::: Records supplied :::

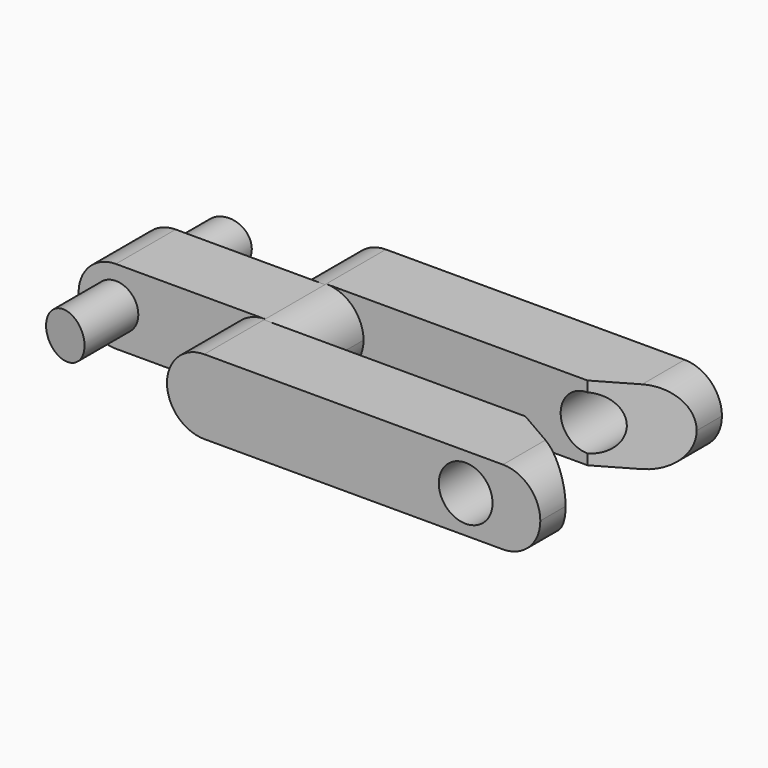
from build123d import *

# Parameters (mm, degrees)
F1_DEPTH = 1.5875
F3_DEPTH = 4.445
F4_R     = 1.58749
F5_R     = 1.143
F6_DEPTH = 12.7
F8_DEPTH = 12.7


# Not quite as in the source:
# - a fillet or chamfer is up to 0.001 mm smaller than in the source, because OpenCascade refuses the exact size


with BuildPart() as f1:
    # F0 (on Top) → F1 (new body, symmetric)
    with BuildSketch(Plane.XY):
        Polygon((12.7, 1.651), (12.7, 4.826), (-3.175, 4.826), (-3.175, 1.5875), (-9.525, 1.5875), (-9.525, -1.5875), (-3.175, -1.5875), (-3.175, -4.826), (12.7, -4.826), (12.7, -1.651), (0, -1.651), (0, 0), (0, 1.651), align=None)
    extrude(amount=F1_DEPTH, both=True)

    # F2 (on Front) → F3 (join, symmetric)
    with BuildSketch(Plane.XZ):
        with BuildLine():
            ThreePointArc((-8.89, 0), (-7.9375, -0.9525), (-6.985, 0))
            ThreePointArc((-6.985, 0), (-7.9375, 0.9525), (-8.89, 0))
        make_face()
    extrude(amount=F3_DEPTH, both=True)

    # F4 (radius 1.5875 in the source; OpenCascade refuses exactly that, so slightly less here)
    f4_edges = [f1.edges().sort_by_distance(p)[0] for p in [
        (-3.175, 3.20675, -1.5875),
        (-3.175, 3.20675, 1.5875),
        (-3.175, -3.20675, 1.5875),
        (-3.175, -3.20675, -1.5875),
        (-9.525, 0, 1.5875),
        (-9.525, 0, -1.5875),
        (12.7, 3.2385, -1.5875),
        (12.7, 3.2385, 1.5875),
        (12.7, -3.2385, 1.5875),
        (12.7, -3.2385, -1.5875),
        (0, 0, 1.5875),
        (0, 0, -1.5875),
    ]]
    fillet(f4_edges, radius=F4_R)

    # F5 (on Front) → F6 (cut, symmetric)
    with BuildSketch(Plane.XZ):
        with Locations((9.525, 0)):
            Circle(F5_R)
    extrude(amount=F6_DEPTH, both=True, mode=Mode.SUBTRACT)

    # F7 (on Top) → F8 (cut, symmetric)
    with BuildSketch(Plane.XY):
        Polygon((9.525, 1.651), (9.525, -1.651), (15.875, -5.3171742094), (15.875, 5.3171742094), align=None)
        Polygon((-9.525, 4.445), (-9.525, 3.997129469), (-6.985, 4.445), align=None)
        Polygon((-9.525, -4.445), (-6.985, -4.445), (-9.525, -3.997129469), align=None)
    extrude(amount=F8_DEPTH, both=True, mode=Mode.SUBTRACT)


solid = f1.part

:::

What the exercise asks:
Tell how many lines above contain the word "with". Give the number alone.

Answer to this problem:
7